Bem mais baixa e díspar é a taxa de adesão ao serviço, que diz respeito à efectiva ligação ao sistema público. Óbidos aparecem como o concelho da região com a maior percentagem de alojamentos ligados à rede (92,4%), seguido de Pedrógão Grande (92%), Nazaré (91,3%) e Peniche (90,7%).
Todos os outros municípios surgem com valores abaixo dos 90%, com destaque para Pombal, que segundo o mais recente relatório da ERSAR sobre os sectores da água e dos resíduos, regista uma taxa de adesão de apenas 65,9%. Isto significa que, apesar de a rede pública chegar a praticamente 100% dos alojamentos do concelho, cerca de 34% das habitações (11.620 fogos) não estão ligadas.

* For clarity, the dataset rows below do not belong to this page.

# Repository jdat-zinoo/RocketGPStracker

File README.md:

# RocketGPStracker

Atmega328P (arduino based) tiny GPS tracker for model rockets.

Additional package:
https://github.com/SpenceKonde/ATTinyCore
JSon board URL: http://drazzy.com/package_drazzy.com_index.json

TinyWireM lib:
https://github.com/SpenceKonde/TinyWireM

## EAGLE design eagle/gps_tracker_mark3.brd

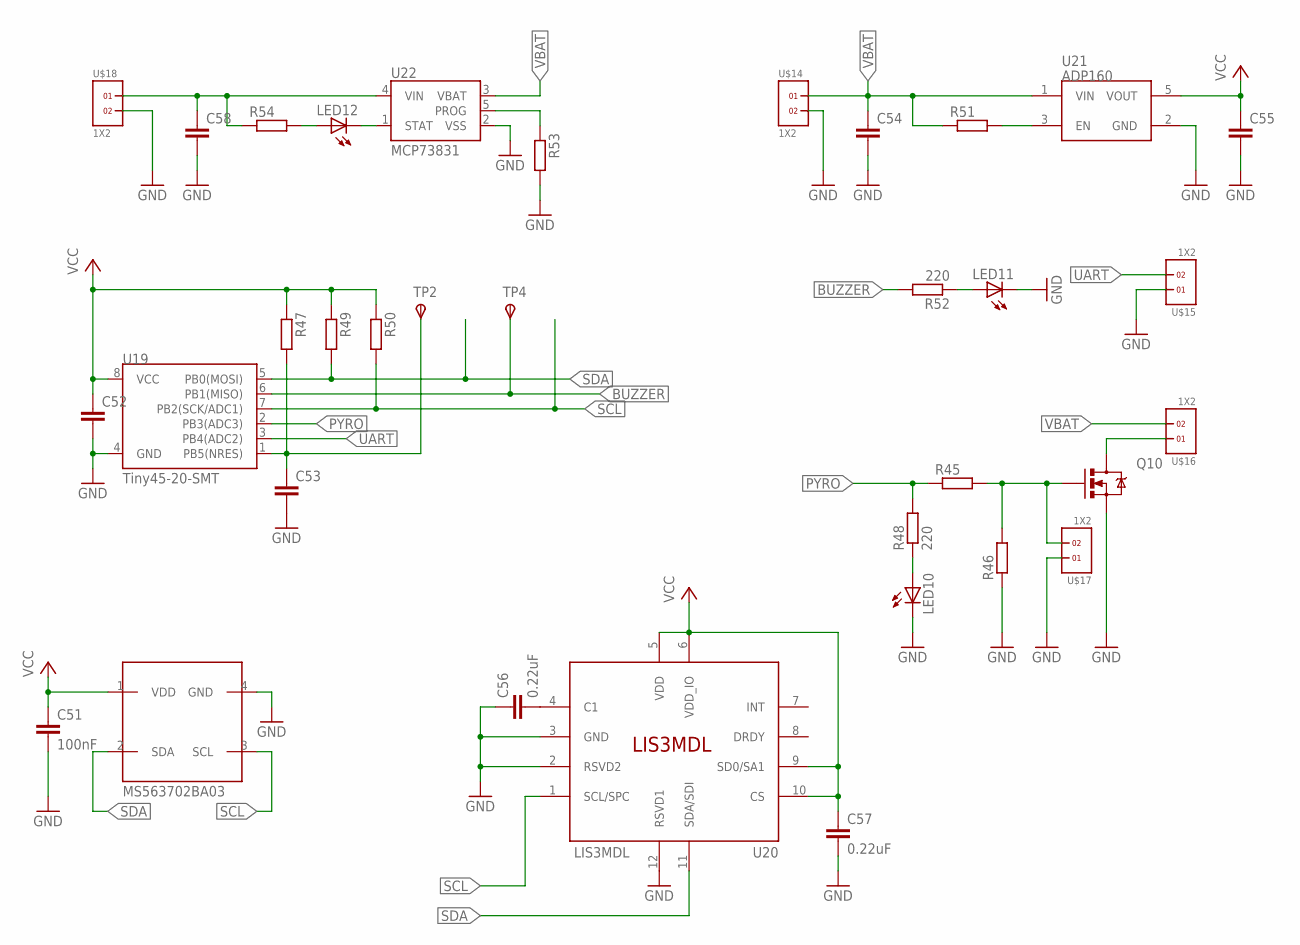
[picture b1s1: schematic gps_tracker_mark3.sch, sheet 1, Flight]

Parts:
C51: 100nF; C0603
C52: C-EUC1206; C1206
C53, C54, C55, C58: C-EUC0603; C0603
C56: 0.22uF; C0603K
C57: 0.22uF; C0603
IC2: MS563702BA03; MS5637
LED10, LED11: LEDCHIPLED_0805; CHIPLED_0805
LED12: LEDCHIPLED_0603; CHIPLED_0603
Q10: MOSFET-NCHANNELBSS123LT1G; SOT23-3
R45, R46, R47, R49, R50, R51, R53, R54: R-EU_R0603; R0603
R48, R52: 220; R0603
TP2, TP4: TPSB1,27; B1,27
U19: Tiny45-20-SMT; SO08-EIAJ
U20: LIS3MDL; VFLGA-12
U21: ADP160; SOT23-5; FARNELL 2510377
U22: MCP73831; SOT23-5; FARNELL 1834892
U$14, U$15, U$16, U$17, U$18: 1X2

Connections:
BUZZER: R52.2, TP4.TP, U19.6 (PB1(MISO))
GND: C51.2, C52.2, C53.2, C54.2, C55.2, C56.1, C57.2, C58.2, IC2.4 (GND), LED10.C, LED11.C, Q10.2 (S), R46.1, R53.2, U19.4 (GND), U20.2 (RSVD2), U20.3 (GND), U20.12 (RSVD1), U21.2 (GND), U22.2 (VSS), U$14.2, U$15.1, U$17.1, U$18.2
unnamed: C53.1, R47.2, TP2.TP, U19.1 (PB5(NRES))
unnamed: Q10.1 (G), R45.2, R46.2, U$17.2
unnamed: LED10.A, R48.1
unnamed: C56.2, U20.4 (C1)
unnamed: R51.2, U21.3 (EN)
unnamed: LED11.A, R52.1
unnamed: Q10.3 (D), U$16.1
unnamed: R53.1, U22.5 (PROG)
unnamed: LED12.C, U22.1 (STAT)
unnamed: LED12.A, R54.2
unnamed: C58.1, R54.1, U22.4 (VIN), U$18.1
PYRO: R45.1, R48.2, U19.2 (PB3(ADC3))
SCL: IC2.3 (SCL), R50.2, U19.7 (PB2(SCK/ADC1)), U20.1 (SCL/SPC)
SDA: IC2.2 (SDA), R49.2, U19.5 (PB0(MOSI)), U20.11 (SDA/SDI)
UART: U19.3 (PB4(ADC2)), U$15.2
VBAT: C54.1, R51.1, U21.1 (VIN), U22.3 (VBAT), U$14.1, U$16.2
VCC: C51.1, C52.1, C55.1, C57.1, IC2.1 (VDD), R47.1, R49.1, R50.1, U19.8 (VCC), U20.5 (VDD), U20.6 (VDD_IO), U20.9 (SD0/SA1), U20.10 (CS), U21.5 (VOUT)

Além da existência de furos e poços particulares, há outra explicação para os números registados em Pombal: a existência de sistemas privados de fornecimento de água. É que, desde os anos 70 do século passado, que foram surgindo no concelho algumas associações para prestar este serviço à população, nomeadamente, em povoações localizadas junto à EN1, nas freguesias de Pombal e Vermoil, como Travasso, Águas Férreas, Matos da Ranha e Outeiro da Ranha.
Ou seja, para colmatar a falta deste serviço público, as populações organizaram-se e criaram os seus próprios sistemas. Acabariam por ser as últimas a dispor de rede pública, que, entretanto chegou, mas que tarda em conquistar a adesão dos moradores.
“Há um dever colectivo”
Para Paulo Lucas, dirigente da associação ambientalista Zero, os dados do último relatório da ERSAR evidenciam que, apesar de estarmos, em termos regionais, “bastante bem” ao nível da acessibilidade ao serviço, o mesmo não se pode dizer da taxa de adesão, onde “há muito a fazer”.
“Não se está a conseguir impor essa obrigação legal, de ligação à rede, o que cria injustiças. Aqueles que cumprem têm de pagar por todos os outros, que se servem de furos e de outras fontes de abastecimento, não contribuindo para o bem colectivo”, frisa Paulo Lucas.
O ambientalista nota que a água “é um direito que deve estar acessível a todos, mas há um dever colectivo” de todos participarem na sustentabilidade do sistema. “É verdade que a água cai do céu, mas para chegar às torneiras, há um conjunto de custos associados, desde a captação, à bombagem e ao tratamento, que muitas vezes são negligenciados pelas pessoas”.
O dirigente da Zero defende que os municípios “têm de ser mais rigorosos” em fiscalizar e fazer cumprir esta obrigação legal. Por outro lado, acrescenta, os cidadãos devem também ser “mais exigentes” com quem está à margem do sistema, denunciando essas situações.
Paulo Lucas sublinha ainda que a não adesão à rede pública, por uso de alternativas, levanta também “questões de segurança e de saúde pública, porque pode estar em causa o consumo de água que não é própria”.
Dos dados da ERSAR, o ambientalista destaca ainda as “elevadas” perdas reais de água. Na região, a média diária rondou, em 2018, os 132 litros por ramal. O valor mais elevado foi registado pela Marinha Grande (281 litros), enquanto Ourém, cujo sistema está concessionado a privados, apresentou menores perdas (69 litros).
“Há muito a fazer no combate às perdas de água”, nota o dirigente, que sublinha também a necessidade de melhorar a “transparência” dos apoios concedidos a instituições através da não cobrança de água e que, nos dados da ERSAR, se reflectem nas altas taxas de água não facturada, onde se incluem as perdas de água. Na região, os valores oscilam entre os 19,4%, registados no concelho de Alcobaça, e os 48,5%, em Ansião. “Devia perceber-se melhor para onde vai essa água não facturada. Falta transparência na atribuição desta benesse”, defende.